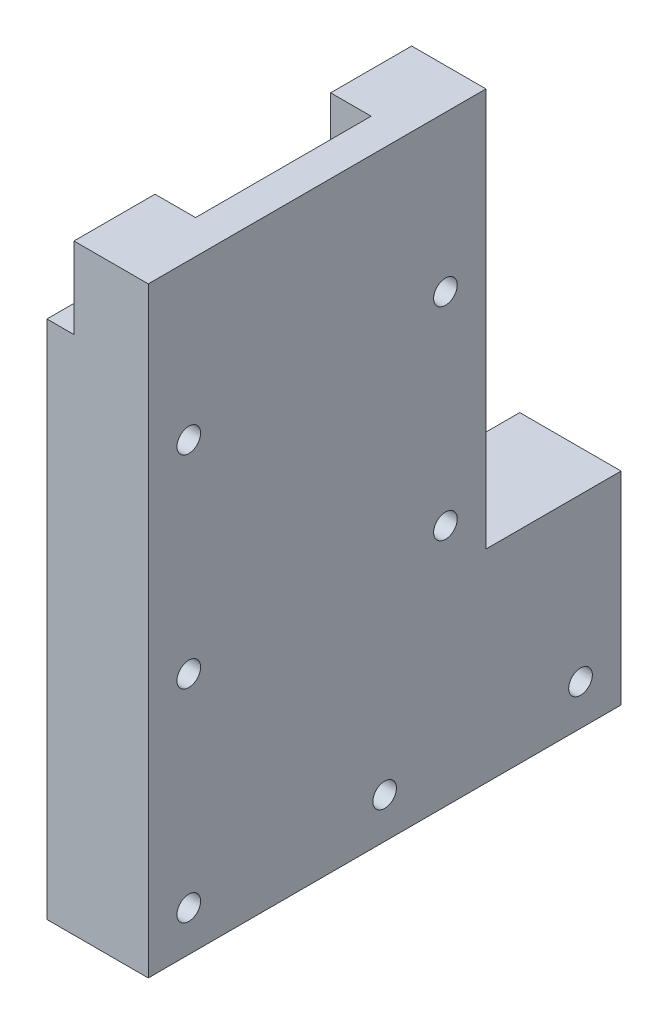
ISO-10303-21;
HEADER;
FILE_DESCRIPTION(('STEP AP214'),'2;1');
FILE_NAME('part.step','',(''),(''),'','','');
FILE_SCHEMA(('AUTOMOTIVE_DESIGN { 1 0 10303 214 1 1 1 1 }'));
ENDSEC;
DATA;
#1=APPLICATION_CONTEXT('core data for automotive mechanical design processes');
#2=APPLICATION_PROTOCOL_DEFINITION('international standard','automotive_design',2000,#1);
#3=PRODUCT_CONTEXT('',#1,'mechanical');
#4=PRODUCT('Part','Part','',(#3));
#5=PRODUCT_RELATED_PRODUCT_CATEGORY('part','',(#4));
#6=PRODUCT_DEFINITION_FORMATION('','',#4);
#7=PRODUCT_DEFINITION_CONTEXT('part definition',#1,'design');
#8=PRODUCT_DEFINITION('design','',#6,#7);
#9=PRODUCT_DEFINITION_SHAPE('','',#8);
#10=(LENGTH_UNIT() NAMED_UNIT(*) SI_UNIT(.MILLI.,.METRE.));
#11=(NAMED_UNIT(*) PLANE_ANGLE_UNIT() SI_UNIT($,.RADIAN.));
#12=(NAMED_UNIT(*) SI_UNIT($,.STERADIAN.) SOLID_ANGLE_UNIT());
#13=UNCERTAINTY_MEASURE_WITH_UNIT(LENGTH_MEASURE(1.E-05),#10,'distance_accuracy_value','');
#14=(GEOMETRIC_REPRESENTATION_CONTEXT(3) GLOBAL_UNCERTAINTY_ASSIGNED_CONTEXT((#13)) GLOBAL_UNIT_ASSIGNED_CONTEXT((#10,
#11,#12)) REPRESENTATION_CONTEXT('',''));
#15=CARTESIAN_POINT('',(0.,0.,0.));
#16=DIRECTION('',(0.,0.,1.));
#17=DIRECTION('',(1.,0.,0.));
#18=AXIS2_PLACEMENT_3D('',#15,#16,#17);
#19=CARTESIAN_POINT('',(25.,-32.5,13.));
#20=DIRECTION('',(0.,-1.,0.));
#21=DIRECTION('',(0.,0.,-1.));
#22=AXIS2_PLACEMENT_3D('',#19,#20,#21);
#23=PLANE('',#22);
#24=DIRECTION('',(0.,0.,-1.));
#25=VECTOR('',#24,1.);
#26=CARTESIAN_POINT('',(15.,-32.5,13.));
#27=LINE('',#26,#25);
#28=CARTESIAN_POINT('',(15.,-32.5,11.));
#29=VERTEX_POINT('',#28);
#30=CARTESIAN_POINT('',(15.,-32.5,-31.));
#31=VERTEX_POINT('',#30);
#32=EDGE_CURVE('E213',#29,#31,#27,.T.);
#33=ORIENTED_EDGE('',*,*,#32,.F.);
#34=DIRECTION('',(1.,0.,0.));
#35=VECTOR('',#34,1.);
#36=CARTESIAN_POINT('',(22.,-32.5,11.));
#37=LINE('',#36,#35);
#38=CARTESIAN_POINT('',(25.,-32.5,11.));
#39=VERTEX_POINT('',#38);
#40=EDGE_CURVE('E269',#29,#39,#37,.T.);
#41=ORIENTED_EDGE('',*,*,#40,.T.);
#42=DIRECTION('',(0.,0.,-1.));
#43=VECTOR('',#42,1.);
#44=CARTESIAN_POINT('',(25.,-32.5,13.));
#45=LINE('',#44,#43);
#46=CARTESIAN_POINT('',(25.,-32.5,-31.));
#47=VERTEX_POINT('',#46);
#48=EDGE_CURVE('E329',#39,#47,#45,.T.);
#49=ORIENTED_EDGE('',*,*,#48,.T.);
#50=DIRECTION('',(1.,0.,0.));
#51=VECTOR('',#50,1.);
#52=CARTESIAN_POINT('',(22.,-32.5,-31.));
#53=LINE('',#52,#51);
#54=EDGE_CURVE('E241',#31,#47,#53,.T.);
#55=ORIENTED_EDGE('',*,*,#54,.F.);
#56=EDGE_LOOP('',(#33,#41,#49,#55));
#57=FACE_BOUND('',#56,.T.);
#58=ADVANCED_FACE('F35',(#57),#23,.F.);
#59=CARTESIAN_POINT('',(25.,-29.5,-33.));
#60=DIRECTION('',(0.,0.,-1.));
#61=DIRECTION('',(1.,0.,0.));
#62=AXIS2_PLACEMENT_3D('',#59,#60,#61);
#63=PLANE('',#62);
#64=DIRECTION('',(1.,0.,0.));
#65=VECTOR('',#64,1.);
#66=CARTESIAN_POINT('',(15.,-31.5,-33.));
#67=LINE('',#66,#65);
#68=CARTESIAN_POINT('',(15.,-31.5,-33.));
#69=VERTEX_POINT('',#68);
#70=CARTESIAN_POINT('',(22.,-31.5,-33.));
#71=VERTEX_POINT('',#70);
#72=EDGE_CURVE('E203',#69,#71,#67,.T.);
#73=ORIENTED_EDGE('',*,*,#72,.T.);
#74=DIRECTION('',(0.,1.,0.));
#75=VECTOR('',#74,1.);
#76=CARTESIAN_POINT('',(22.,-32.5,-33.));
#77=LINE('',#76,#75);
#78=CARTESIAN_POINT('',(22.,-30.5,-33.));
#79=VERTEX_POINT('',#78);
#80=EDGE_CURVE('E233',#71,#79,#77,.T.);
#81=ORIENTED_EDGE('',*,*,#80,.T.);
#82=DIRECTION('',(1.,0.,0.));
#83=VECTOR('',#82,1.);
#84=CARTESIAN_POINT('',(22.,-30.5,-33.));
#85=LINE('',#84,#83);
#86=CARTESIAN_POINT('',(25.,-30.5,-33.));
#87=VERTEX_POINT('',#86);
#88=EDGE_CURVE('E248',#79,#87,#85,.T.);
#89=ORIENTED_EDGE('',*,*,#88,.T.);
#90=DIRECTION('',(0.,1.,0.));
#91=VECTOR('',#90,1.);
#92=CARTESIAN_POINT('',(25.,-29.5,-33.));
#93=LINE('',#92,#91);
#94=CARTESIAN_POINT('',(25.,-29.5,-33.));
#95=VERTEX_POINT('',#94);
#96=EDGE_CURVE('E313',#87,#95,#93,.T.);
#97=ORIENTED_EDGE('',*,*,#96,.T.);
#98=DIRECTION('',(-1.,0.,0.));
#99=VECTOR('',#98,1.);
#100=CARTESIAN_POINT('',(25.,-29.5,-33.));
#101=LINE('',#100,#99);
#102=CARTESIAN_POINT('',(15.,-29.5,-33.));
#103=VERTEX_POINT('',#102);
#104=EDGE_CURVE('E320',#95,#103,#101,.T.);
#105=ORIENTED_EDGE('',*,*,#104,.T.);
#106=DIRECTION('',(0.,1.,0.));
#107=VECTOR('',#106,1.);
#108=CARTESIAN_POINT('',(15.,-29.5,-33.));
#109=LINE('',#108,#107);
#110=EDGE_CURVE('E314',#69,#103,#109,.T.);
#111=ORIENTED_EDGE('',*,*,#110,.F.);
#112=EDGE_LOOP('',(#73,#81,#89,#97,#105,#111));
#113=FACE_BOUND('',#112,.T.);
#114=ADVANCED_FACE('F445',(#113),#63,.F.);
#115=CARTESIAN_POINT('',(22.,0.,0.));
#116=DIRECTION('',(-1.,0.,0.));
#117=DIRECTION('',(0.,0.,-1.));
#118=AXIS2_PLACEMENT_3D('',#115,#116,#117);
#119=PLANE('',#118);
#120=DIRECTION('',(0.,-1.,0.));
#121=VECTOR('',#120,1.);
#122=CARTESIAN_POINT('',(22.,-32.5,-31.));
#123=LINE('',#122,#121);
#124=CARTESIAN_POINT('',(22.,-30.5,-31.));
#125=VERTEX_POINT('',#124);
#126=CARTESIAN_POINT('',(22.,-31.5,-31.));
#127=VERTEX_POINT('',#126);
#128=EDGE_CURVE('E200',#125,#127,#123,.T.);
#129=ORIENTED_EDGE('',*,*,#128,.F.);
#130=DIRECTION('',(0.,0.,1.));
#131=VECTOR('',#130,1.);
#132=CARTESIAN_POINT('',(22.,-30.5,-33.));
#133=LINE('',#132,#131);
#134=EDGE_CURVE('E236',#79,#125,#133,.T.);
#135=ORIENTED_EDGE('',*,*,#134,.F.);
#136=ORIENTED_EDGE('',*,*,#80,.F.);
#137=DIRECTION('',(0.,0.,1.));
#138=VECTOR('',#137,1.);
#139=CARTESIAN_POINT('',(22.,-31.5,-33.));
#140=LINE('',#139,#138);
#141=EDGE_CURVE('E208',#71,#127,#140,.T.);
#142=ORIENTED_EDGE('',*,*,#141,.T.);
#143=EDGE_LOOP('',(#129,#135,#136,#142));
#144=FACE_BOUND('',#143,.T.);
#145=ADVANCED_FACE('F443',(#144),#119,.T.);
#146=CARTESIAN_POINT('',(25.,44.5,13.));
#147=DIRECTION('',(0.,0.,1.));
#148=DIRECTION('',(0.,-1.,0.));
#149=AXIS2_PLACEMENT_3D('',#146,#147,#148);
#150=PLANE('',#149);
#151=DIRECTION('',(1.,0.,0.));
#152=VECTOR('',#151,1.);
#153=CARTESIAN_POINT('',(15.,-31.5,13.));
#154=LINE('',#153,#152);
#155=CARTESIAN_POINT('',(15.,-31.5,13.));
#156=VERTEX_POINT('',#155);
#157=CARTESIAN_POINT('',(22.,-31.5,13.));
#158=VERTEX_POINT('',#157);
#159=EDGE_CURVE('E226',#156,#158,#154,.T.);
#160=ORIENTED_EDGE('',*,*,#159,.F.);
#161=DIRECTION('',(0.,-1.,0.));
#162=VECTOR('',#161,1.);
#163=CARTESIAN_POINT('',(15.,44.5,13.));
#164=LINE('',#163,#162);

= What the exercise asks =
Select the lines in this material that hold the word "mechanical", leaving none out.

= Solution for this task =
#1=APPLICATION_CONTEXT('core data for automotive mechanical design processes');
#3=PRODUCT_CONTEXT('',#1,'mechanical');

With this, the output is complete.